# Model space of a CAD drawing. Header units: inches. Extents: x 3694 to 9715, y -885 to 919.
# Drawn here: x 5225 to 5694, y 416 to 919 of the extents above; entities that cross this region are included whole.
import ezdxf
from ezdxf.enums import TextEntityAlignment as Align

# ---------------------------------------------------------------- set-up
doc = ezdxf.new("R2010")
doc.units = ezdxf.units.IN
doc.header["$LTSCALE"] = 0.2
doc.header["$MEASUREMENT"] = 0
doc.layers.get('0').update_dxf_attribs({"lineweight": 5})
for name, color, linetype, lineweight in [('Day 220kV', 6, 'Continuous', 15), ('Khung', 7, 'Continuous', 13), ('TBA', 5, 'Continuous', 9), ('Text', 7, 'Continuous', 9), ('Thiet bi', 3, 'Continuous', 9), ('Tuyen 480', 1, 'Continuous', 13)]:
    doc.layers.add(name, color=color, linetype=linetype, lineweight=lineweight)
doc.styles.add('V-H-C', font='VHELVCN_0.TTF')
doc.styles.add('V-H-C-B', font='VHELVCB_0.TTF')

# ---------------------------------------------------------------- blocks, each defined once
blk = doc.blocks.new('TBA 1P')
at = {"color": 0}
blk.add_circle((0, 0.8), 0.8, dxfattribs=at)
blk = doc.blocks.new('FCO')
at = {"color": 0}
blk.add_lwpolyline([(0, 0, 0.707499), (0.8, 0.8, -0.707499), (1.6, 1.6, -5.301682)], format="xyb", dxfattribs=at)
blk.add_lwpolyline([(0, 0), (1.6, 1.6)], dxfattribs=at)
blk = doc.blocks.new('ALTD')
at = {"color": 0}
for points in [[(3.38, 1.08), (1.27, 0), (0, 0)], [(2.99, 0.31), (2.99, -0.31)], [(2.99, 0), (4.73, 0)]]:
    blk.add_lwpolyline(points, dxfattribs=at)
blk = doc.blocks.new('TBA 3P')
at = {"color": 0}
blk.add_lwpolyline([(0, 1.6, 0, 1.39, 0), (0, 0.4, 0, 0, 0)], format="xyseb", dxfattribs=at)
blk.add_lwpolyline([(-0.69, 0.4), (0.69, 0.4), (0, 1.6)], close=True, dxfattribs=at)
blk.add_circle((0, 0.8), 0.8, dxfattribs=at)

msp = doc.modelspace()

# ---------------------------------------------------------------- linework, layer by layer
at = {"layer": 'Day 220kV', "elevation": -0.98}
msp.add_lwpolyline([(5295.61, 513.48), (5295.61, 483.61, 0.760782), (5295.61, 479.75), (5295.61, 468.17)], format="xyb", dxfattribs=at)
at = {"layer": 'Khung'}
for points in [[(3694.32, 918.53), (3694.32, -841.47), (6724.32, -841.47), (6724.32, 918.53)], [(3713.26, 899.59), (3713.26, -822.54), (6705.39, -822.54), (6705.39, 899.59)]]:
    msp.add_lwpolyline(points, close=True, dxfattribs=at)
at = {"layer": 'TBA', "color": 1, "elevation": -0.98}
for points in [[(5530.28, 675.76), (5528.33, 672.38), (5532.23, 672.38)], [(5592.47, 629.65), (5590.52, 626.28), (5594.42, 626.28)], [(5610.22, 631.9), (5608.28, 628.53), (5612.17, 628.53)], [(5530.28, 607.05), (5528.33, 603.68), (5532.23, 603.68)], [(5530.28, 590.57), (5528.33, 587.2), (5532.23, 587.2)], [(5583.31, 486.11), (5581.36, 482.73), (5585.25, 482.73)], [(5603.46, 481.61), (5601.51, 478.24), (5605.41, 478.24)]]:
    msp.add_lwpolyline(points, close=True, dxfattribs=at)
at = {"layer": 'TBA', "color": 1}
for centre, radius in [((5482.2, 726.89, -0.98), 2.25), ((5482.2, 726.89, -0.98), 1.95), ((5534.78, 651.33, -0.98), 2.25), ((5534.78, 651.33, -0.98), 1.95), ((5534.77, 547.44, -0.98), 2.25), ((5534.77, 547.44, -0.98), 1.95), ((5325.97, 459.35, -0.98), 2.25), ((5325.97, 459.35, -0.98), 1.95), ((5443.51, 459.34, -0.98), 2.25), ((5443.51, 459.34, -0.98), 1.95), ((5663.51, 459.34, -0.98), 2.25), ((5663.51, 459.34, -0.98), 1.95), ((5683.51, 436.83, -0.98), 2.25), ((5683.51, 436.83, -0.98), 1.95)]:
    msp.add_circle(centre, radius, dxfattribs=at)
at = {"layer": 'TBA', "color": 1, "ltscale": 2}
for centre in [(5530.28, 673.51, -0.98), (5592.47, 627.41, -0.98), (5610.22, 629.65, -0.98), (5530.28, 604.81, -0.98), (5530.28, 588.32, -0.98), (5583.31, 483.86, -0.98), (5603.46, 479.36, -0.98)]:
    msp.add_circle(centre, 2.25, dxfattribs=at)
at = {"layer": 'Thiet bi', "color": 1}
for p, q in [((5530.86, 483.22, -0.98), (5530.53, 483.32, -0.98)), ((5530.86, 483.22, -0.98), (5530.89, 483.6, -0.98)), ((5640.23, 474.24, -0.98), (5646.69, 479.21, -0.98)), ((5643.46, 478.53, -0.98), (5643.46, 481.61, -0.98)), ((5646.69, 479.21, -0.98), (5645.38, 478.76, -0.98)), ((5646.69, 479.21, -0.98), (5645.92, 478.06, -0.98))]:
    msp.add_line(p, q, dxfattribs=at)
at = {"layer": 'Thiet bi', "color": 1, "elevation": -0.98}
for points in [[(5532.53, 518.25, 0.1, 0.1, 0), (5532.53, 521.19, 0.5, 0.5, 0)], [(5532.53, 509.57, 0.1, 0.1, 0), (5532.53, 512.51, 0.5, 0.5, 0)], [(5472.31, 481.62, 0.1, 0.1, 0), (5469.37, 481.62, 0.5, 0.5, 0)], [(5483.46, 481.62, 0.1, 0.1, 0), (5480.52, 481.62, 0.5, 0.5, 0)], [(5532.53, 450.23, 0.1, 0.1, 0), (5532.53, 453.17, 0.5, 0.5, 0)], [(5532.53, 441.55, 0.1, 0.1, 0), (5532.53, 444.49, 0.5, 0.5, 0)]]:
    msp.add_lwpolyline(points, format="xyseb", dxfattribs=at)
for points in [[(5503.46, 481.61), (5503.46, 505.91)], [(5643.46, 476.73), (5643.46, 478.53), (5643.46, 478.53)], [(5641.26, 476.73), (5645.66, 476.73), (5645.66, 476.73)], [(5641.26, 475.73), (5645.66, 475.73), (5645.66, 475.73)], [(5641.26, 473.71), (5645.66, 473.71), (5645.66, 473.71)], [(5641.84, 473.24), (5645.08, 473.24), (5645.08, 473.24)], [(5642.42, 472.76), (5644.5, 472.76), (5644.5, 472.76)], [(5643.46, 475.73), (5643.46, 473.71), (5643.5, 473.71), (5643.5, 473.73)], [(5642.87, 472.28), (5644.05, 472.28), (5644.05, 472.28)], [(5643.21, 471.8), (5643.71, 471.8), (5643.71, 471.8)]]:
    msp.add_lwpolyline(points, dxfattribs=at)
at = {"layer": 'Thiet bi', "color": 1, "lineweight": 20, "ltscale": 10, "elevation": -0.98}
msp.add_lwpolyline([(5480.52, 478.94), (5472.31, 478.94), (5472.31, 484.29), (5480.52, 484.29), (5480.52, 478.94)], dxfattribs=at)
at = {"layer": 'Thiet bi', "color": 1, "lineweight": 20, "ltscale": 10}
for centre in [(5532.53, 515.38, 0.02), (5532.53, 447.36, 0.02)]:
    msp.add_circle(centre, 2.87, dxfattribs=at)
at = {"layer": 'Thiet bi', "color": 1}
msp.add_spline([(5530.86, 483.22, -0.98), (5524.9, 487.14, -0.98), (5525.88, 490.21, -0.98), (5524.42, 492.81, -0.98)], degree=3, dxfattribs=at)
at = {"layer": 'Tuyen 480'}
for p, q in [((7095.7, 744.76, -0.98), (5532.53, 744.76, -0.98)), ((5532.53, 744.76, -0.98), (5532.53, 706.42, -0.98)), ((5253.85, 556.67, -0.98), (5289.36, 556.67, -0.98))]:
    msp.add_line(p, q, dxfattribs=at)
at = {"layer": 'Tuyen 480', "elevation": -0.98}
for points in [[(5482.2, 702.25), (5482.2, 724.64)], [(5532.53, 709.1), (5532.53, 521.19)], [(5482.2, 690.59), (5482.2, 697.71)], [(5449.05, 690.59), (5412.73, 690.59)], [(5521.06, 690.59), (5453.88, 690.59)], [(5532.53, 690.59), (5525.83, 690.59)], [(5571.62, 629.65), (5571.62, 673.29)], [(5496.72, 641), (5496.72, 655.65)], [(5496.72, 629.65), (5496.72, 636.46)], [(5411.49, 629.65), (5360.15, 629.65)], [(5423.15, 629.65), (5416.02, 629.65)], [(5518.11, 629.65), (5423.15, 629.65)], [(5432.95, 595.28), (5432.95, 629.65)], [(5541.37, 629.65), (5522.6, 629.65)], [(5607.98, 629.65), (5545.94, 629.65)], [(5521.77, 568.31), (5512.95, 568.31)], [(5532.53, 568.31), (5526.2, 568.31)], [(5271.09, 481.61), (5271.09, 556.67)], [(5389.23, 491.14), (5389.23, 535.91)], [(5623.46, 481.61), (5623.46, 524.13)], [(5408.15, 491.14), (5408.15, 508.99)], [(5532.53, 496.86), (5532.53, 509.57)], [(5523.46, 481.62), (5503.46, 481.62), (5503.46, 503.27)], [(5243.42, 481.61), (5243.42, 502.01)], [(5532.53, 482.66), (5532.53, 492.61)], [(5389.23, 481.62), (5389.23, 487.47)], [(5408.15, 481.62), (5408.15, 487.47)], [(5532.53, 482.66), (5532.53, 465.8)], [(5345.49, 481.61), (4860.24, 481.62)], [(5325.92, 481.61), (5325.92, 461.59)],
++++++++
> **PROBLEM**:
Copy each line of the listing above that contains the word "units".

> **SOLUTION FOR THIS EXERCISE**:
# Model space of a CAD drawing. Header units: inches. Extents: x 3694 to 9715, y -885 to 919.
doc.units = ezdxf.units.IN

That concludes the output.